● What you are asked to do
The first line of the data below and every line after it, through the one with "undefined symbols (not", must be transcribed without change.
──────── Stored data ────────
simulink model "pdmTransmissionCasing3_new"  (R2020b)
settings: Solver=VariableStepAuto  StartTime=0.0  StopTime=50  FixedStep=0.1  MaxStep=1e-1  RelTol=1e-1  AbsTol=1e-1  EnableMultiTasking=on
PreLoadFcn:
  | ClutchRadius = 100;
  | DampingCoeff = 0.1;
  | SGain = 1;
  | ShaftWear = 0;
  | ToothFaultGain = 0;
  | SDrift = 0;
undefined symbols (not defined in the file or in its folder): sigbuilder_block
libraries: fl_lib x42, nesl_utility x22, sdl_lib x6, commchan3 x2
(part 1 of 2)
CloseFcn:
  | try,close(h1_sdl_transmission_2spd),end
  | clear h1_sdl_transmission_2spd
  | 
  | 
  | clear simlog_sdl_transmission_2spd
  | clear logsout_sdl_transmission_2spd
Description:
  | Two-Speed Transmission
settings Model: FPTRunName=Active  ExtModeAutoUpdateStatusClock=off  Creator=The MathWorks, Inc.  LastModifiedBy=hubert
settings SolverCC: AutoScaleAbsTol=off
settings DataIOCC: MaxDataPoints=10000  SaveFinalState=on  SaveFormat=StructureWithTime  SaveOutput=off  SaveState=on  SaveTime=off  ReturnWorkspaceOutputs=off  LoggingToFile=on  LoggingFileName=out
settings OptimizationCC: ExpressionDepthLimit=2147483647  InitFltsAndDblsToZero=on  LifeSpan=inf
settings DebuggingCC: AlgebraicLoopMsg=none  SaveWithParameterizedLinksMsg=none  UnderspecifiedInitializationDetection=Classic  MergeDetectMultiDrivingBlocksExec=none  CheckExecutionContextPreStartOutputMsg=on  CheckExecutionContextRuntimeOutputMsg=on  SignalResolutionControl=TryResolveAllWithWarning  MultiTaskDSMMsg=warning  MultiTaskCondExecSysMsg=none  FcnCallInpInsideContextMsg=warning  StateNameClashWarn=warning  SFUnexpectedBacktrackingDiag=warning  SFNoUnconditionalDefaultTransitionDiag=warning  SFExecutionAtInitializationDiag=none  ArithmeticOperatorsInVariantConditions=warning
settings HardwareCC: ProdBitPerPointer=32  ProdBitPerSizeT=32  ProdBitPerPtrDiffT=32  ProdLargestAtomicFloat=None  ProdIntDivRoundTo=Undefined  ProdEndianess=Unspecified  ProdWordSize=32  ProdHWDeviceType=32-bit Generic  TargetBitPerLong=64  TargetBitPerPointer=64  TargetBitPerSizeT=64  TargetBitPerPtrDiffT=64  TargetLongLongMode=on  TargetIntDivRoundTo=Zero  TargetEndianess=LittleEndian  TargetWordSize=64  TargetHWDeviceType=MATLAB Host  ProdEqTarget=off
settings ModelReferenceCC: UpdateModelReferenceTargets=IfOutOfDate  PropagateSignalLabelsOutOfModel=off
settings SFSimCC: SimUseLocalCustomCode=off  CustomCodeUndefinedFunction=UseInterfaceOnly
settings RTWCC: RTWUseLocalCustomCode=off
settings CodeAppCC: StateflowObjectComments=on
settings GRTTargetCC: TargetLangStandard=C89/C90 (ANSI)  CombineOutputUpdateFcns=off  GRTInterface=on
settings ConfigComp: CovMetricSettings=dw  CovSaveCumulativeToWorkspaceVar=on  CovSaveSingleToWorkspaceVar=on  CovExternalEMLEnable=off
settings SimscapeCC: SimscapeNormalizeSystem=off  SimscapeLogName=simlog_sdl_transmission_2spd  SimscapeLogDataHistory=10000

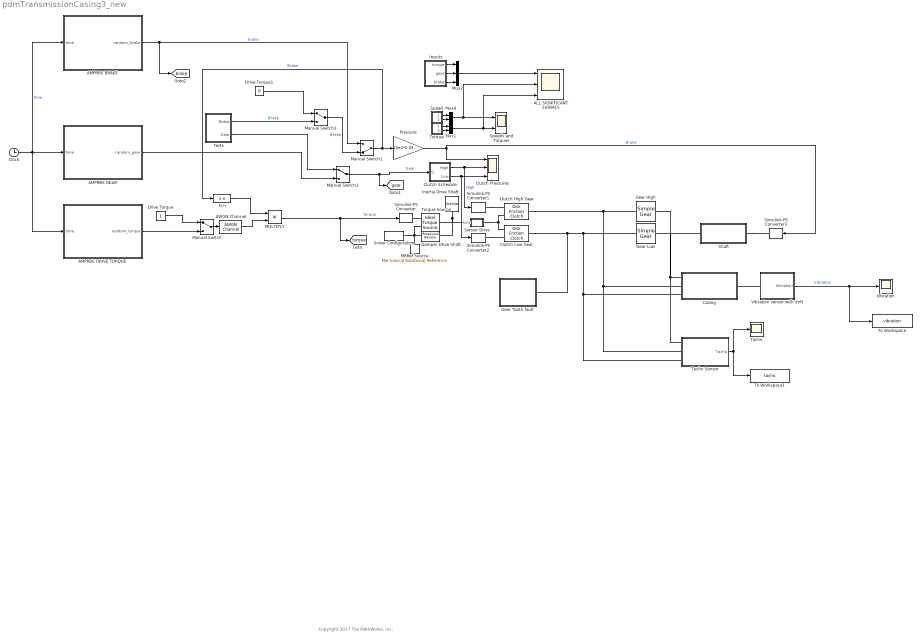
== system pdmTransmissionCasing3_new ==
  note: Copyright 2017 The MathWorks, Inc.
  ALL SIGNIFICANT SIGNALS : Scope  NumInputPorts=3
  AMPRBS BRAKE : Subsystem
  AMPRBS DRIVE TORQUE : Subsystem
  AMPRBS GEAR : Subsystem
  AWGN Channel : commchan3/AWGN Channel  InputProcessing=Columns as channels (frame based)  seed=67  noiseMode=Variance from mask  EbNodB=10  EsNodB=10  SNRdB=10  bitsPerSym=1  Ps=1  Tsym=0.1  variance=0.001
  Casing : Subsystem
  Clock : Clock
  Clutch High Gear : sdl_lib/Clutches/Disk Friction Clutch  geometry_model=1  r_eff=100 mm  d_o=150 mm  d_i=100 mm  nS=4  piston_area=0.001 m^2  unidirectional=0  friction_model=1  mu_w_vector=[ 0 0.1 0.2 0.3 0.4 0.5 1 2 5 10 100 1000 ] rad/s  temperature_TLU=[280.0, 300.0, 320.0] K  mu_static=0.35  mu_static_vector=[0.4, 0.38, 0.36]  mu_coulomb=0.3  mu_coulomb_vector=[ 0.29 0.28 0.26 0.22 0.21 0.2 0.2 0.19 0.19 0.19 0.19 0.19 ]  mu_coulomb_temp_vector=[0.3, 0.28, 0.25]  mu_coulomb_matrix=[0.34, 0.32, 0.3; 0.3, 0.28, 0.25; 0.25, 0.2, 0.15]  mu_interp_method=1  mu_extrap_method=1  d_f=1  w_tol=0.001 rad/s  pressure_min=100 Pa  mu_visc=0 N*m/(rad/s)  initial_state_locked=0  enable_faults=simscape.enum.onoff.off  fault_type=sdl.enum.clutchFault.lock  external_fault=simscape.enum.onoff.off  temporal_fault=simscape.enum.onoff.off  fault_time=5 s  report_fault=simscape.enum.assert.action.none  thermal_mass=25 kJ/K  T_init=300 K
      settings: SourceProductName=Driveline  InternalSimscapePortConfiguration="{\"Bottom\":[],\"Left\":[{\"id\":\"P\",\"label\":\"P\",\"type\":\"input\"},{\"id\":\"B\",\"label\":\"B\",\"type\":\"foundation.mechanical.rotational.rotational\"}],\"Right\":[{\"id\":\"F\",\"label\":\"F\",\"type\":\"foundation.mechanical.rotational.rotational\"}],\"Top\":[]}"
  Clutch Low Gear : sdl_lib/Clutches/Disk Friction Clutch  geometry_model=1  r_eff=ClutchRadius mm  d_o=150 mm  d_i=100 mm  nS=4  piston_area=0.001 m^2  unidirectional=0  friction_model=1  mu_w_vector=[ 0 0.1 0.2 0.3 0.4 0.5 1 2 5 10 100 1000 ] rad/s  temperature_TLU=[280.0, 300.0, 320.0] K  mu_static=0.35  mu_static_vector=[0.4, 0.38, 0.36]  mu_coulomb=0.3  mu_coulomb_vector=[ 0.29 0.28 0.26 0.22 0.21 0.2 0.2 0.19 0.19 0.19 0.19 0.19 ]  mu_coulomb_temp_vector=[0.3, 0.28, 0.25]  mu_coulomb_matrix=[0.34, 0.32, 0.3; 0.3, 0.28, 0.25; 0.25, 0.2, 0.15]  mu_interp_method=1  mu_extrap_method=1  d_f=1  w_tol=0.001 rad/s  pressure_min=100 Pa  mu_visc=0 N*m/(rad/s)  initial_state_locked=0  enable_faults=simscape.enum.onoff.off  fault_type=sdl.enum.clutchFault.lock  external_fault=simscape.enum.onoff.off  temporal_fault=simscape.enum.onoff.off  fault_time=5 s  report_fault=simscape.enum.assert.action.none  thermal_mass=25 kJ/K  T_init=300 K
      settings: SourceProductName=Driveline  InternalSimscapePortConfiguration="{\"Bottom\":[],\"Left\":[{\"id\":\"P\",\"label\":\"P\",\"type\":\"input\"},{\"id\":\"B\",\"label\":\"B\",\"type\":\"foundation.mechanical.rotational.rotational\"}],\"Right\":[{\"id\":\"F\",\"label\":\"F\",\"type\":\"foundation.mechanical.rotational.rotational\"}],\"Top\":[]}"
  Clutch Pressures : Scope  NumInputPorts=3
  Clutch Schedule : Subsystem
  Damper Drive Shaft : fl_lib/Mechanical/Rotational Elements/Rotational Damper  D=DampingCoeff N*m/(rad/s)  w_specify=off  w_priority=High  w=0 rad/s  w_nominal_specify=off  w_nominal_unit=rad/s  w_nominal_value=1  t_specify=off  t_priority=High  t=0 N*m  t_nominal_specify=off  t_nominal_unit=N*m  t_nominal_value=1
      settings: SourceProductName=Foundation Library
  Drive Torque : Constant
  Drive Torque1 : Constant  Value=0
  Fcn : Fcn  Expr=1-u
  Gear High : sdl_lib/Gears/Simple Gear  ratio=2  rotation_direction=3-2*(2)  friction_model=1  mu_visc=[ 0 0 ] N*m/(rad/s)  T_noload=0.1 N*m  T_nom=5 N*m  efficiency_nom=0.8  efficiency=0.8  temperature_TLU=[ 280 300 320 ] K  load_TLU=[ 1 5 10 ] N*m  efficiency_TLU=[ 0.95 0.9 0.85 ]  efficiency_TLU2=[ 0.85 0.8 0.75; 0.95 0.9 0.85; 0.85 0.8 0.7 ]  w_thr=0.01 rad/s  pwr_thr=0.001 W  thermal_mass=50 J/K  enable_faults=simscape.enum.onoff.off  efficiency_fault=0.05  external_fault=simscape.enum.onoff.off  temporal_fault=simscape.enum.onoff.off  fault_time=5 s  fault_angles=pi / 12 rad  report_fault=(1)-1  temperature_specify=off  temperature_priority=High  temperature=300 K  temperature_nominal_specify=off  temperature_nominal_unit=K  temperature_nominal_value=1
      settings: SourceProductName=Driveline
  Gear Low : sdl_lib/Gears/Simple Gear  ratio=5  rotation_direction=3-2*(2)  friction_model=1  mu_visc=[ 0 0 ] N*m/(rad/s)  T_noload=0.1 N*m  T_nom=5 N*m  efficiency_nom=0.8  efficiency=0.8  temperature_TLU=[ 280 300 320 ] K  load_TLU=[ 1 5 10 ] N*m  efficiency_TLU=[ 0.95 0.9 0.85 ]  efficiency_TLU2=[ 0.85 0.8 0.75; 0.95 0.9 0.85; 0.85 0.8 0.7 ]  w_thr=0.01 rad/s  pwr_thr=0.001 W  thermal_mass=50 J/K  enable_faults=simscape.enum.onoff.off  efficiency_fault=0.05  external_fault=simscape.enum.onoff.off  temporal_fault=simscape.enum.onoff.off  fault_time=5 s  fault_angles=pi / 12 rad  report_fault=(1)-1  temperature_specify=off  temperature_priority=High  temperature=300 K  temperature_nominal_specify=off  temperature_nominal_unit=K  temperature_nominal_value=1
      settings: SourceProductName=Driveline
  Gear Tooth fault : Subsystem
  Inertia Drive Shaft : fl_lib/Mechanical/Rotational Elements/Inertia  inertia=1*0.01 kg*m^2  num_ports=foundation.enum.numPorts2.one  w_specify=off  w_priority=High  w=0 rad/s  w_nominal_specify=off  w_nominal_unit=rad/s  w_nominal_value=1  t_specify=off  t_priority=High  t=0 N*m  t_nominal_specify=off  t_nominal_unit=N*m  t_nominal_value=1
      settings: SourceProductName=Foundation Library
  Inputs : Subsystem
  MRRef Source : fl_lib/Mechanical/Rotational Elements/Mechanical Rotational Reference
      settings: SourceProductName=Foundation Library
  MULTIPLY : Product  Inputs=**
  Manual Switch : ManualSwitch
  Manual Switch1 : ManualSwitch  CurrentSetting=0
  Manual Switch2 : ManualSwitch
  Manual Switch3 : ManualSwitch
  Mux1 : Mux  Inputs=2
  Mux2 : Mux  Inputs=3
  Mux4 : Mux  Inputs=2
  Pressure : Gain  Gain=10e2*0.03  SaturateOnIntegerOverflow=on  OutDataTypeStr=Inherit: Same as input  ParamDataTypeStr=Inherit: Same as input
────────
● Response to this task
simulink model "pdmTransmissionCasing3_new"  (R2020b)
settings: Solver=VariableStepAuto  StartTime=0.0  StopTime=50  FixedStep=0.1  MaxStep=1e-1  RelTol=1e-1  AbsTol=1e-1  EnableMultiTasking=on
PreLoadFcn:
  | ClutchRadius = 100;
  | DampingCoeff = 0.1;
  | SGain = 1;
  | ShaftWear = 0;
  | ToothFaultGain = 0;
  | SDrift = 0;
undefined symbols (not defined in the file or in its folder): sigbuilder_block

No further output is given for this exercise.